That is, different operating frequencies excite the antenna so that
it exhibits different operational characteristics, including
different antenna radiation patterns. For example, a long wire
antenna may exhibit the characteristics of a quarter wavelength
monopole at a first frequency and exhibit the characteristics of a
full-wavelength dipole at a frequency of twice the first
frequency.
[0039] In accordance with the teachings of the present invention,
the length of one or more of the meanderline couplers 20 can be
changed (as discussed above), altering the effective antenna
electrical length relative to the operating frequency, and in this
way change the operational mode without changing the input
frequency.
[0040] Still further, a plurality of meanderline couplers 20 of
different lengths can be connected between the horizontal conductor
14 and the vertical conductors 12. Two matching meanderline
couplers 20 on opposing sides of the horizontal conductor 14 are
selected to interconnect the horizontal conductor 14 and the
vertical conductors 12. Such an embodiment is illustrated in FIG. 5
including matching meanderline couplers 20, 20A and 20B and an
input signal source 44. In the receiving mode the signal source 44
is inactive, and the received signal is available at the terminal
45. A controller (not shown in FIG. 5) is connected to the
meanderline couplers 20, 20A and 20B for selecting the operative
matching couplers. Well-known switching arrangement can activate
the selected meanderline coupler to connect the horizontal
conductor 14 and the vertical conductors 12. The vertical conductor
12 is responsive to the input signal in the transmit mode at the
terminal 45 (and providing the received signal at the terminal 45
in the receive mode) is sometime referred to as the driven element
or driven conductor. The other vertical conductor 12 is referred to
as the non-driven element or non-driven conductor.
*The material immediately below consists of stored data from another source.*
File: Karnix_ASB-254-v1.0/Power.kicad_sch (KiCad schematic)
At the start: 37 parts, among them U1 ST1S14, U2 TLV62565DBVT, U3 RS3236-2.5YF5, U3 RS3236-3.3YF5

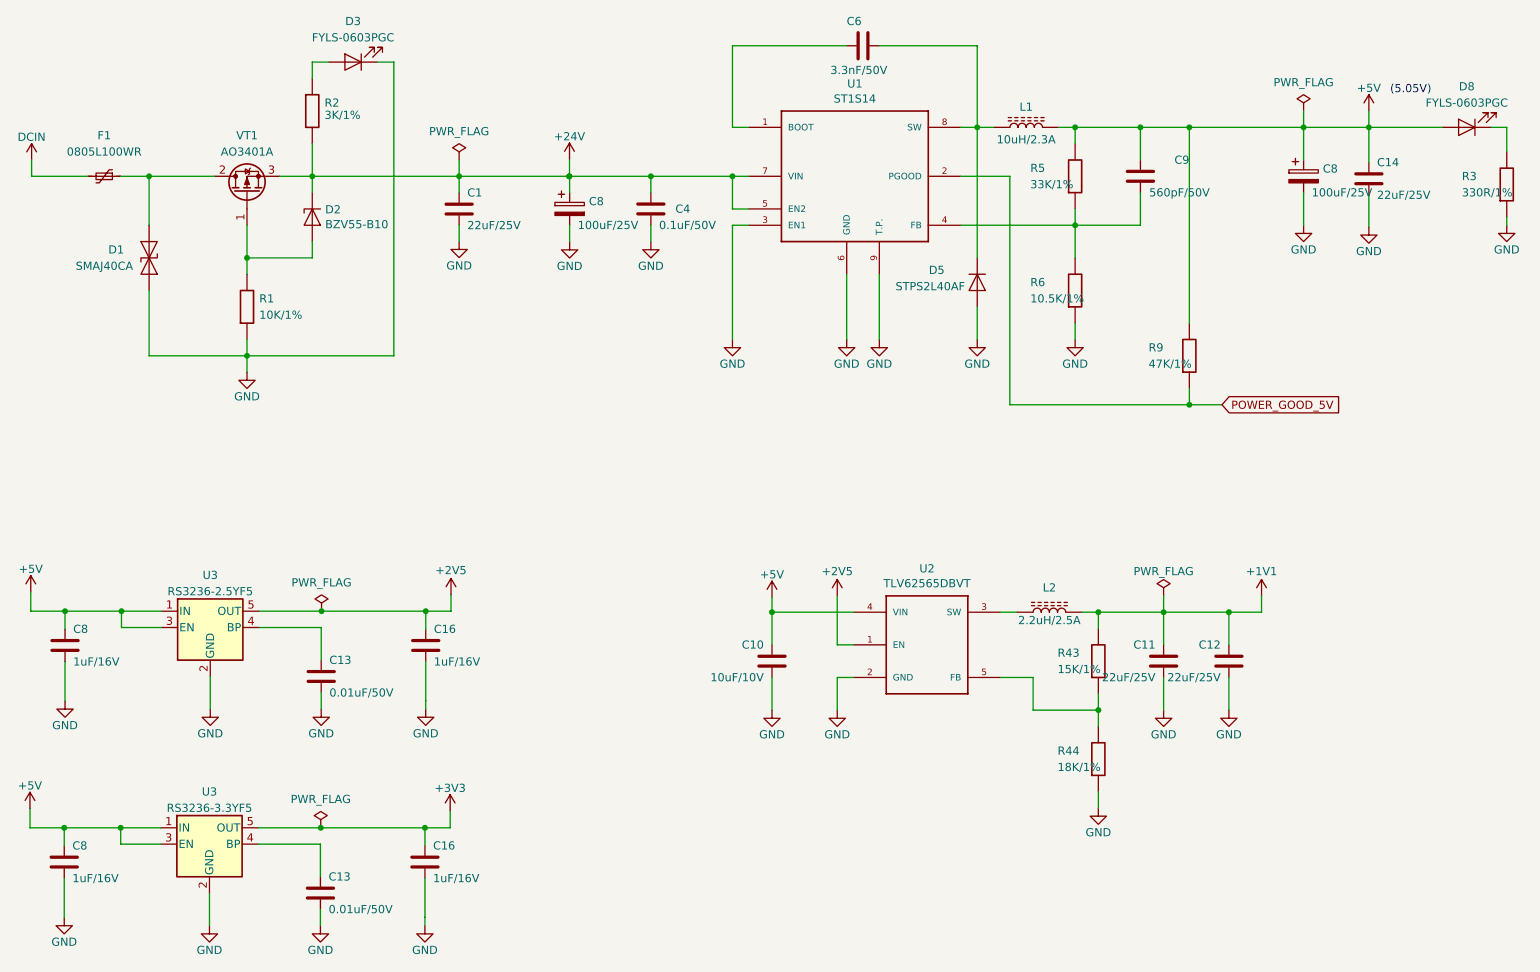
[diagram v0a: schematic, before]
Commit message: Remove rudimentary referencies to old projects
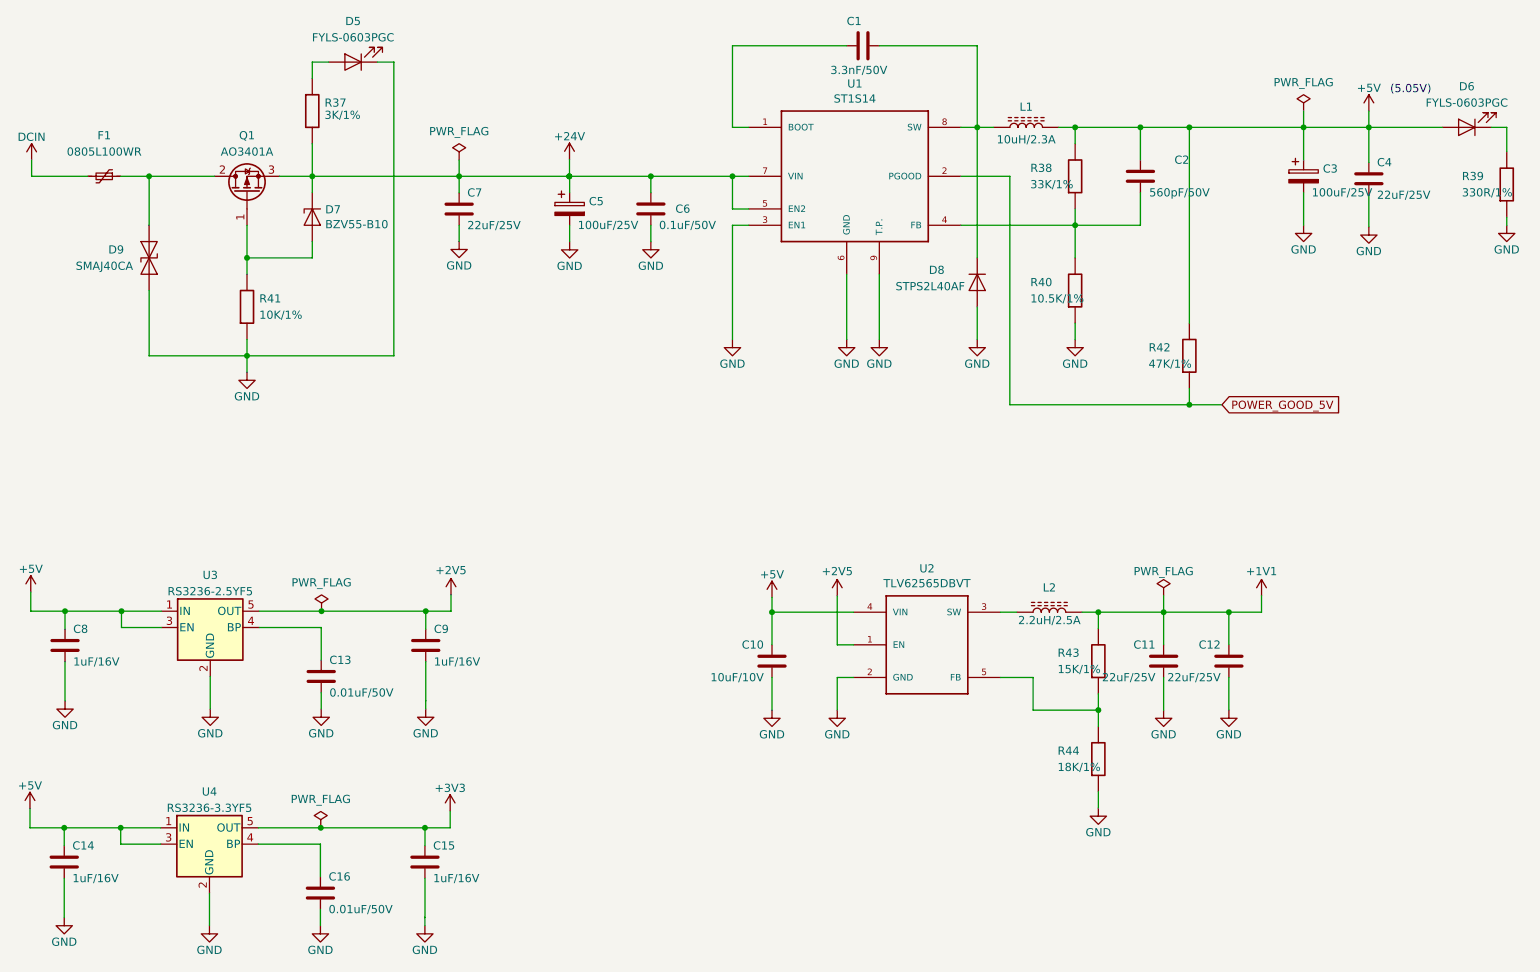
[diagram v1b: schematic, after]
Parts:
- renumbered C6 to C1, C8 to C14, C16 to C15, C13 to C16, C9 to C2, C8 to C3, C14 to C4, C8 to C5, C4 to C6, C1 to C7, C16 to C9, D3 to D5, D8 to D6, D2 to D7, D5 to D8, D1 to D9, VT1 to Q1, R2 to R37, R5 to R38, R3 to R39, R6 to R40, R1 to R41, R9 to R42, U3 to U4

In another
embodiment, both vertical conductors 12 can be driven, with the
radiated signal formed as a composite signal depending on the
amplitude and phase relationship of the two driving signals.
[0041] Turning to FIGS. 6 and 7, there is shown the current
distribution (FIG. 6) and the antenna electric field radiation
pattern (FIG. 7) for the meanderline-loaded antenna 50 operating in
a monopole or half wavelength mode as driven by an input signal
source 44. That is, in this mode, at a frequency of between
approximately 800 and 900 MHz, the effective electrical length of
the meanderline couplers 20, the horizontal conductor 14 and the
vertical conductors 12 is chosen such that the horizontal conductor
14 has a current null near the center and current maxima at each
edge. As a result, a substantial amount of radiation is emitted
from the vertical conductors 12, and little radiation is emitted
from the horizontal conductor 14. The resulting field pattern has
the familiar omnidirectional donut shape as shown in FIG. 7.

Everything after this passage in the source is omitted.